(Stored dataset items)

=== Section Start ===

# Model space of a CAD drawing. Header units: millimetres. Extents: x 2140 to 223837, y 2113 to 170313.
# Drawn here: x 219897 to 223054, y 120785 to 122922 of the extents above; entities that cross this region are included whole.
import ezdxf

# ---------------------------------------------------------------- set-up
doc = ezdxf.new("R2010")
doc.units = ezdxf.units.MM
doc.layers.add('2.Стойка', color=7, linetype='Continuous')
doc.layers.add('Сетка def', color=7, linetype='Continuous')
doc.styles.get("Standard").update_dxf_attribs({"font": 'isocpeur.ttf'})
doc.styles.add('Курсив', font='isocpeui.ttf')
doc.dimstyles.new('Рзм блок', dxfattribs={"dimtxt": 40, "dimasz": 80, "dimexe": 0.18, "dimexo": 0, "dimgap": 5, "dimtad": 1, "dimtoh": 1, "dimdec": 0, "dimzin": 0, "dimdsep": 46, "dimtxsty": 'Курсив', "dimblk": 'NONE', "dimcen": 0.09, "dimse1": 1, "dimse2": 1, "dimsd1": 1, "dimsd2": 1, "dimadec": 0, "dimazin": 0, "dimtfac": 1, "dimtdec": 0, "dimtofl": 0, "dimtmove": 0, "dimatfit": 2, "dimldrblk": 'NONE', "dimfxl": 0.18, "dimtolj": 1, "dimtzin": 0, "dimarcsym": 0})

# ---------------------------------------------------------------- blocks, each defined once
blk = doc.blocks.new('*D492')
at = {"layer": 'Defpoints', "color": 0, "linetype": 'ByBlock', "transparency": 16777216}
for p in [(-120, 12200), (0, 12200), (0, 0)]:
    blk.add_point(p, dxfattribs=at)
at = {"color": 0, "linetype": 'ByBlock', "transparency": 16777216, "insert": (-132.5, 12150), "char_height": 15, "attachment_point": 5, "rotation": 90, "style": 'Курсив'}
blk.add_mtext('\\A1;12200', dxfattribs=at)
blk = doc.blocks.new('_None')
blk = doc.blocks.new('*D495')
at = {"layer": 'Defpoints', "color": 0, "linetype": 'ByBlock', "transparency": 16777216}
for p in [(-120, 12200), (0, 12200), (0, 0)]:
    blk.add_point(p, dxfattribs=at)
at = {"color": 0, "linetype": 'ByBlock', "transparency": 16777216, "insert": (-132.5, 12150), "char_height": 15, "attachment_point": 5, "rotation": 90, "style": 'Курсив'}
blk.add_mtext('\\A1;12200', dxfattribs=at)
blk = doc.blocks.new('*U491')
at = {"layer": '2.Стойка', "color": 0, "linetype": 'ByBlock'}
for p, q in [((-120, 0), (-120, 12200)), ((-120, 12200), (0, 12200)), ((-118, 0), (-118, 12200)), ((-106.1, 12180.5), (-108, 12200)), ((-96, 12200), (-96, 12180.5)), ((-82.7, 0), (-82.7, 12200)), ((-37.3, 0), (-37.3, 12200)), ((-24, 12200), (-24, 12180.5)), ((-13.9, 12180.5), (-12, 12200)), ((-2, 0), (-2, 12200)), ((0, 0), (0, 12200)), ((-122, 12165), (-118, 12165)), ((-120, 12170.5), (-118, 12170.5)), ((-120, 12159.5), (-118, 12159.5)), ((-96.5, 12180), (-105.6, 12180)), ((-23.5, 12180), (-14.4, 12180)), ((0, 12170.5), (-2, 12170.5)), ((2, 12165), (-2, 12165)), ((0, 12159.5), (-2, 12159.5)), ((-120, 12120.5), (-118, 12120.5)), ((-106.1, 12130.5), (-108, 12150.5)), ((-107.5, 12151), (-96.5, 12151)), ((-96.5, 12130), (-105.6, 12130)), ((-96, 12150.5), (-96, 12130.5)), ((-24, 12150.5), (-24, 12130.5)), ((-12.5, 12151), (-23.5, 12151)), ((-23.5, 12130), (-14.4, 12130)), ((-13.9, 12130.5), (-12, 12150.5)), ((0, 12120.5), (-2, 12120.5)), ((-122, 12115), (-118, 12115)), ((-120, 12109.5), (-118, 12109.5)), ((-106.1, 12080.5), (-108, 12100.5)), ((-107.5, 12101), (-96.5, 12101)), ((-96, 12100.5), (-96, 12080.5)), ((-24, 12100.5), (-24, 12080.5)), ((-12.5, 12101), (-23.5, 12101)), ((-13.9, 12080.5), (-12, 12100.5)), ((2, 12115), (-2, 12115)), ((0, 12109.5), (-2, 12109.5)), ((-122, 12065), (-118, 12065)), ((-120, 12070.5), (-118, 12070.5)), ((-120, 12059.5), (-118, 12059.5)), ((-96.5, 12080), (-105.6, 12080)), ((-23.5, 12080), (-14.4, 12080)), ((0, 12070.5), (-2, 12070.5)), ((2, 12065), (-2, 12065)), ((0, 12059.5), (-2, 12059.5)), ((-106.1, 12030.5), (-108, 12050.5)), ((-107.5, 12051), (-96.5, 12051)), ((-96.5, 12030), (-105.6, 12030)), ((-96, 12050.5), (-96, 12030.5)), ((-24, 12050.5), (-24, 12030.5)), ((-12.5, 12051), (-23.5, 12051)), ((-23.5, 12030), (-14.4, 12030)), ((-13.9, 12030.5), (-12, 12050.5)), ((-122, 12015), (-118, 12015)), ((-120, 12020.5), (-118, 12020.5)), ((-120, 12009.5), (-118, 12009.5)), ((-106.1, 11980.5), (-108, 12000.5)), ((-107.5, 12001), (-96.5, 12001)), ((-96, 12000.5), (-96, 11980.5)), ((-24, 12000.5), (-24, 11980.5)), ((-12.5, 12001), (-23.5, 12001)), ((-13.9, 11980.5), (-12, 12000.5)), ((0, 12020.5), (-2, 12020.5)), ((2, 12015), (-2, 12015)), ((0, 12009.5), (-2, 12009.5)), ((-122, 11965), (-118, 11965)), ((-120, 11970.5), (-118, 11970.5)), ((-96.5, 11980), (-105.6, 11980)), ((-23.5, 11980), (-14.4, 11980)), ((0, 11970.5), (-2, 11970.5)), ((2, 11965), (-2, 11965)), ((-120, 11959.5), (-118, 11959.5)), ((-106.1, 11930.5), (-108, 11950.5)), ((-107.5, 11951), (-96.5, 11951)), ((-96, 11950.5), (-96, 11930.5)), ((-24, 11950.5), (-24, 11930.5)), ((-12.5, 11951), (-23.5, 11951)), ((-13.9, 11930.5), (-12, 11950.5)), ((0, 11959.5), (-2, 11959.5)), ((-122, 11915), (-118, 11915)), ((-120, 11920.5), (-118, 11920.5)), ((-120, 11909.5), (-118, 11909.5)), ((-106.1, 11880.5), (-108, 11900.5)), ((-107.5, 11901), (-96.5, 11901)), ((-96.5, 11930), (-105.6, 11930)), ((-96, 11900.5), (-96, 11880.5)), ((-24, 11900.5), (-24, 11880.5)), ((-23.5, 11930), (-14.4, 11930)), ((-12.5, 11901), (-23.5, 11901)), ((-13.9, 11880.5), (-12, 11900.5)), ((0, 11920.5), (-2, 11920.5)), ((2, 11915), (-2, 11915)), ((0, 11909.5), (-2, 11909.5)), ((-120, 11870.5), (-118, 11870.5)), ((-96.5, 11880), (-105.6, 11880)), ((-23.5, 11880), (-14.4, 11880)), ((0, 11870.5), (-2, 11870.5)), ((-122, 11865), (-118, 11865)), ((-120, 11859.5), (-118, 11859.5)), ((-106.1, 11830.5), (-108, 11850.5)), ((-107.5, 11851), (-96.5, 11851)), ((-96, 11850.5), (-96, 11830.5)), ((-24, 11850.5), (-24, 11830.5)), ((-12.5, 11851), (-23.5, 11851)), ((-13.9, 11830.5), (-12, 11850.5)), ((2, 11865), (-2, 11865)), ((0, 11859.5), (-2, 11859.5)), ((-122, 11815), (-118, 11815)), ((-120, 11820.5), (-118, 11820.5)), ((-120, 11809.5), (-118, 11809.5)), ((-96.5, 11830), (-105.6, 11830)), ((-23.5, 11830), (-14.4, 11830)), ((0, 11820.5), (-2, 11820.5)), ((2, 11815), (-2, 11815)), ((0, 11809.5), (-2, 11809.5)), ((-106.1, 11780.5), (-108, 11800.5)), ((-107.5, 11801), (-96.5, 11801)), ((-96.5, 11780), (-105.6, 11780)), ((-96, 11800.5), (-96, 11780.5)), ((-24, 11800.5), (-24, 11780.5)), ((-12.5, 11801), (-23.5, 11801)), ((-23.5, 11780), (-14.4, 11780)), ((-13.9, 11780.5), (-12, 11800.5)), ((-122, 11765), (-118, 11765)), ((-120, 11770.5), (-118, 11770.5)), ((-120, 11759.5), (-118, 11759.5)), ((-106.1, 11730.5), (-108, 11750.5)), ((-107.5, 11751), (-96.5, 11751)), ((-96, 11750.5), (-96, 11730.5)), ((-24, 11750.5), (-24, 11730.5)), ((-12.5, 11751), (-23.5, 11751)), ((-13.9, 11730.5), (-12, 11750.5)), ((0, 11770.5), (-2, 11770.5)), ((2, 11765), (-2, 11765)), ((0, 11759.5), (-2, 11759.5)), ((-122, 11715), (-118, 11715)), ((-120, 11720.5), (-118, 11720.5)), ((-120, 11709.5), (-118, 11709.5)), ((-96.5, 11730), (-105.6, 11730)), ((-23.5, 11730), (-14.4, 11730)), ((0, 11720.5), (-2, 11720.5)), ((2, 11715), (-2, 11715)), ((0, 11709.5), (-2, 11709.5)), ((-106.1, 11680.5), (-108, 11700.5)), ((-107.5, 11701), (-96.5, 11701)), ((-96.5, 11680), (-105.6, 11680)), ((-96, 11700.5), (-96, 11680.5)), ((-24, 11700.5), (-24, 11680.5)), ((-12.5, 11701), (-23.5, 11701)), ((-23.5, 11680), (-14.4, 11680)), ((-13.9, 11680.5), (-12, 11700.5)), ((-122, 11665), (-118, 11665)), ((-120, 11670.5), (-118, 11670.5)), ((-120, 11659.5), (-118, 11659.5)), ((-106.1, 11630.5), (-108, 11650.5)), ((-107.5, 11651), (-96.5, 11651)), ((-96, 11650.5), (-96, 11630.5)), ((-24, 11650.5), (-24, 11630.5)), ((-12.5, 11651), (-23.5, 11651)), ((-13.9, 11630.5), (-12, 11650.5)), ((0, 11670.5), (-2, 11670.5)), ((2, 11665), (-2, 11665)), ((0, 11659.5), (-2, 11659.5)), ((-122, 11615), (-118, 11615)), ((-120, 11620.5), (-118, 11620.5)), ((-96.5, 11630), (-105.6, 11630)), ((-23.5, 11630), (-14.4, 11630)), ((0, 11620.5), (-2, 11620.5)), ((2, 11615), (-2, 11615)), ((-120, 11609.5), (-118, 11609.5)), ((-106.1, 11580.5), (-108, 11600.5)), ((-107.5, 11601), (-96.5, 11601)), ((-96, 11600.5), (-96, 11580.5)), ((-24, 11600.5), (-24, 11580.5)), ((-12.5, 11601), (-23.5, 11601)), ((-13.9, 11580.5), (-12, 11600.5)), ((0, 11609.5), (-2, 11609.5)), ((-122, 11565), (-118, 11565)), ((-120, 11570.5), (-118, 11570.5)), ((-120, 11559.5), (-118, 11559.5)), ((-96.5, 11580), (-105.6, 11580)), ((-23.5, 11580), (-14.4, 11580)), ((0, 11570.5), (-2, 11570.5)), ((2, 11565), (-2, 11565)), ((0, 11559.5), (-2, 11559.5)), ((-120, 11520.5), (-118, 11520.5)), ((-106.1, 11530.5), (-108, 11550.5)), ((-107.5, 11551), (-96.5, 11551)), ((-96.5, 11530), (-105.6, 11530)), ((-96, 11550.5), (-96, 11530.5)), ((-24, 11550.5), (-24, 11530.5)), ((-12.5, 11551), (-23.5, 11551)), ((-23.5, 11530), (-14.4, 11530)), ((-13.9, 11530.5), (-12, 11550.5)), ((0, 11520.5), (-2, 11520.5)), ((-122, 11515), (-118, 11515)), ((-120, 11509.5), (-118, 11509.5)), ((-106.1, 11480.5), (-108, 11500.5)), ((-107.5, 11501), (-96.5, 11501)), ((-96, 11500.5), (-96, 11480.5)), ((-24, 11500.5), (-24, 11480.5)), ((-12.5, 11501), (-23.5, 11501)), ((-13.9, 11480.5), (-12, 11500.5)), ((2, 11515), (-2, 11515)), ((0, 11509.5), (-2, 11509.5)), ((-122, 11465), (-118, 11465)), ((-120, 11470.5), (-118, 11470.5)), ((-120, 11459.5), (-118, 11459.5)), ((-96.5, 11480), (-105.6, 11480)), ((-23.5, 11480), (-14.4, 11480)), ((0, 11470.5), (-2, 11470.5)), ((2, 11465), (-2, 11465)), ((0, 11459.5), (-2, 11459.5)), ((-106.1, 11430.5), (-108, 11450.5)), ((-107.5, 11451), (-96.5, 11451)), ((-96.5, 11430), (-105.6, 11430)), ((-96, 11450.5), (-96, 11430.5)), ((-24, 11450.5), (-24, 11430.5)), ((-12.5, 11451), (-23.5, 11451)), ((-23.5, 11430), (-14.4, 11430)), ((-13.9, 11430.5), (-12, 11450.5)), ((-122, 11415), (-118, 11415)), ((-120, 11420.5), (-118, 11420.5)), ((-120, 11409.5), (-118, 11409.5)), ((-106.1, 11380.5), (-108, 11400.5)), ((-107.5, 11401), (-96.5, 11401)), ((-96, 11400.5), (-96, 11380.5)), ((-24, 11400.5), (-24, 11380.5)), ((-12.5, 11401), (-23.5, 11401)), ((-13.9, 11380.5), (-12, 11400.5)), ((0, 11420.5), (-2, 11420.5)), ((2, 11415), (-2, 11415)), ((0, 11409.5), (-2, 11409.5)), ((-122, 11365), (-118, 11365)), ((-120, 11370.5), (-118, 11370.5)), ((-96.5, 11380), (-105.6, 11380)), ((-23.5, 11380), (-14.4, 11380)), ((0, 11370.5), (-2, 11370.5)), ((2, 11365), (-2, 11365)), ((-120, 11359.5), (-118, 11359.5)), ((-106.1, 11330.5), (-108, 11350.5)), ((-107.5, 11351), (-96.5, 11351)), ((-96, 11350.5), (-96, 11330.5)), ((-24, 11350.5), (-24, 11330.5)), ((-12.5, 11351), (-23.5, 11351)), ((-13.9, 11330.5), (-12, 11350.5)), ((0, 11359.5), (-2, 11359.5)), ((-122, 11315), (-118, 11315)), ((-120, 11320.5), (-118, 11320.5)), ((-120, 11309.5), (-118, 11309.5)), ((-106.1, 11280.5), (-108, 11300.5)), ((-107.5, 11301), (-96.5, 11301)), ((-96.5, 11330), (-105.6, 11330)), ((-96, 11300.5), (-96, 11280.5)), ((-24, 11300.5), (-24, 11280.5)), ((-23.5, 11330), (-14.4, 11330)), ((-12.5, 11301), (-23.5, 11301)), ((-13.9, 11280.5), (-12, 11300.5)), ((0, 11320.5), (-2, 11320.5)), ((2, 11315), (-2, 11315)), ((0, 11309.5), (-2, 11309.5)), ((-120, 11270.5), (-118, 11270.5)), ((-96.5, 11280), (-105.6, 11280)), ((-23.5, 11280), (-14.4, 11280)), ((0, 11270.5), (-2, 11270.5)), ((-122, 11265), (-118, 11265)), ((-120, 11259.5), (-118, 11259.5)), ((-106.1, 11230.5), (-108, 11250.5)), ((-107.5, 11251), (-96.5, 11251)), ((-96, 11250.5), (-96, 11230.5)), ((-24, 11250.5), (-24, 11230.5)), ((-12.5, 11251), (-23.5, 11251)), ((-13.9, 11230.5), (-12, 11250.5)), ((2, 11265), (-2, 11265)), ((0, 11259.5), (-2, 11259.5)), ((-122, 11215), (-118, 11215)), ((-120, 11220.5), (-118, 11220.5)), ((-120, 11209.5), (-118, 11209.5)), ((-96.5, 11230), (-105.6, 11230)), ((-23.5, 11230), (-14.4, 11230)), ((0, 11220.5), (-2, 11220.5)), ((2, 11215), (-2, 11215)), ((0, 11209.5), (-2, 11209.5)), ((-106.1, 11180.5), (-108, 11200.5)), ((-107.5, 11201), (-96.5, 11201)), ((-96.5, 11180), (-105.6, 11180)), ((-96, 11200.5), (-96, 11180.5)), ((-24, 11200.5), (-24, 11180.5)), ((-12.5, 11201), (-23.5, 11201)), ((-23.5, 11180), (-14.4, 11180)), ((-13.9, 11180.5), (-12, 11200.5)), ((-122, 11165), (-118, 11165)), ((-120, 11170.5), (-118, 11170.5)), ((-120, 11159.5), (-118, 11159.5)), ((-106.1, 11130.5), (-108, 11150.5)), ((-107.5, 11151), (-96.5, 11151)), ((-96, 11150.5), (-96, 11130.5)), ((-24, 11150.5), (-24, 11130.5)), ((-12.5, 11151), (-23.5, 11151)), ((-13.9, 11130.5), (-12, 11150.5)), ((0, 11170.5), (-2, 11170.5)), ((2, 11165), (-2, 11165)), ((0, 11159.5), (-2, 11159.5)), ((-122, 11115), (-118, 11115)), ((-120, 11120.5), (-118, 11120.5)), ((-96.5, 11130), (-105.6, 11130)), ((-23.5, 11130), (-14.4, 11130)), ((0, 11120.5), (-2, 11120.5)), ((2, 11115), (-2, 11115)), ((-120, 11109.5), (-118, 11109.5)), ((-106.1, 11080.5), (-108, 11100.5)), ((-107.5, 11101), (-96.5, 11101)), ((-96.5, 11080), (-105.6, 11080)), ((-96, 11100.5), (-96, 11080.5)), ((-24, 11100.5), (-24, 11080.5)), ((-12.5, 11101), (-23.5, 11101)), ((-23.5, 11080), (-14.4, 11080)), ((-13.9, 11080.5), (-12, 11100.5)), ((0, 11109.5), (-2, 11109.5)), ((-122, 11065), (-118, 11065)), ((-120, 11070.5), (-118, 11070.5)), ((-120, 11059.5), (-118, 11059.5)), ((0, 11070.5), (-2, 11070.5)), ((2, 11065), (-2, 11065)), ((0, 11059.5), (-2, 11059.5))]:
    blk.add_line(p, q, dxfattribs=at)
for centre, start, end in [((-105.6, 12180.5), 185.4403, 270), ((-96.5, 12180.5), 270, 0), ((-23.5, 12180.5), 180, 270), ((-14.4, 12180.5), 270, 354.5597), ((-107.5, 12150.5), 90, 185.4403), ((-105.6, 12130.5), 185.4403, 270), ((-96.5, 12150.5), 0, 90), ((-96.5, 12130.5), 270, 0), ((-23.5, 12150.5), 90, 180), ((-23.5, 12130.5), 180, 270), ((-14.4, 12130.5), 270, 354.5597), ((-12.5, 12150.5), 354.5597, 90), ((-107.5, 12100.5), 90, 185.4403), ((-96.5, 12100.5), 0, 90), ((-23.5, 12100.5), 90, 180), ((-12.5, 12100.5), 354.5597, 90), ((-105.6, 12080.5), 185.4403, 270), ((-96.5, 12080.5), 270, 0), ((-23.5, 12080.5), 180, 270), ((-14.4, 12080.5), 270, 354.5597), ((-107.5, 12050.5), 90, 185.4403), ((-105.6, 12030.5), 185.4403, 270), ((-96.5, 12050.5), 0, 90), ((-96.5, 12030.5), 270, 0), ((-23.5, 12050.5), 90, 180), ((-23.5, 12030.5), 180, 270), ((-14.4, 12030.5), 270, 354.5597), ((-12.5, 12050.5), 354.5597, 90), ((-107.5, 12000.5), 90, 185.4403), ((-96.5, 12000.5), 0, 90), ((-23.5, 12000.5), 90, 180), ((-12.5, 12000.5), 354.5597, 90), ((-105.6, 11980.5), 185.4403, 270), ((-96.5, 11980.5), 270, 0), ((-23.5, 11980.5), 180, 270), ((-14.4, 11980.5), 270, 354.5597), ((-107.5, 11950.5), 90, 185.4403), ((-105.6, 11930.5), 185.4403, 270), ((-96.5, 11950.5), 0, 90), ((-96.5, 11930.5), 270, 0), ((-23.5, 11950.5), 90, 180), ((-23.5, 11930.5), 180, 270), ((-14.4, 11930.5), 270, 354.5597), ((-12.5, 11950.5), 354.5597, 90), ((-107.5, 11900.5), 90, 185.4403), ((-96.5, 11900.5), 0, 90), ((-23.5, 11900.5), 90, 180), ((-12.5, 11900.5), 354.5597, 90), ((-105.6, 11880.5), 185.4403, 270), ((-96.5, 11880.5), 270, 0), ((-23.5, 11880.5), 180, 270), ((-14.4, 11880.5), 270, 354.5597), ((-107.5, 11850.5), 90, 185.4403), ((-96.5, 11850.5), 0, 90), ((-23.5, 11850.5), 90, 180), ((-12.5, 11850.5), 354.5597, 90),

=== Section End ===

:: EXERCISE ::
Scan the records above and report every line with the string "layers".

:: COMPLETED TASK ::
doc.layers.add('2.Стойка', color=7, linetype='Continuous')
doc.layers.add('Сетка def', color=7, linetype='Continuous')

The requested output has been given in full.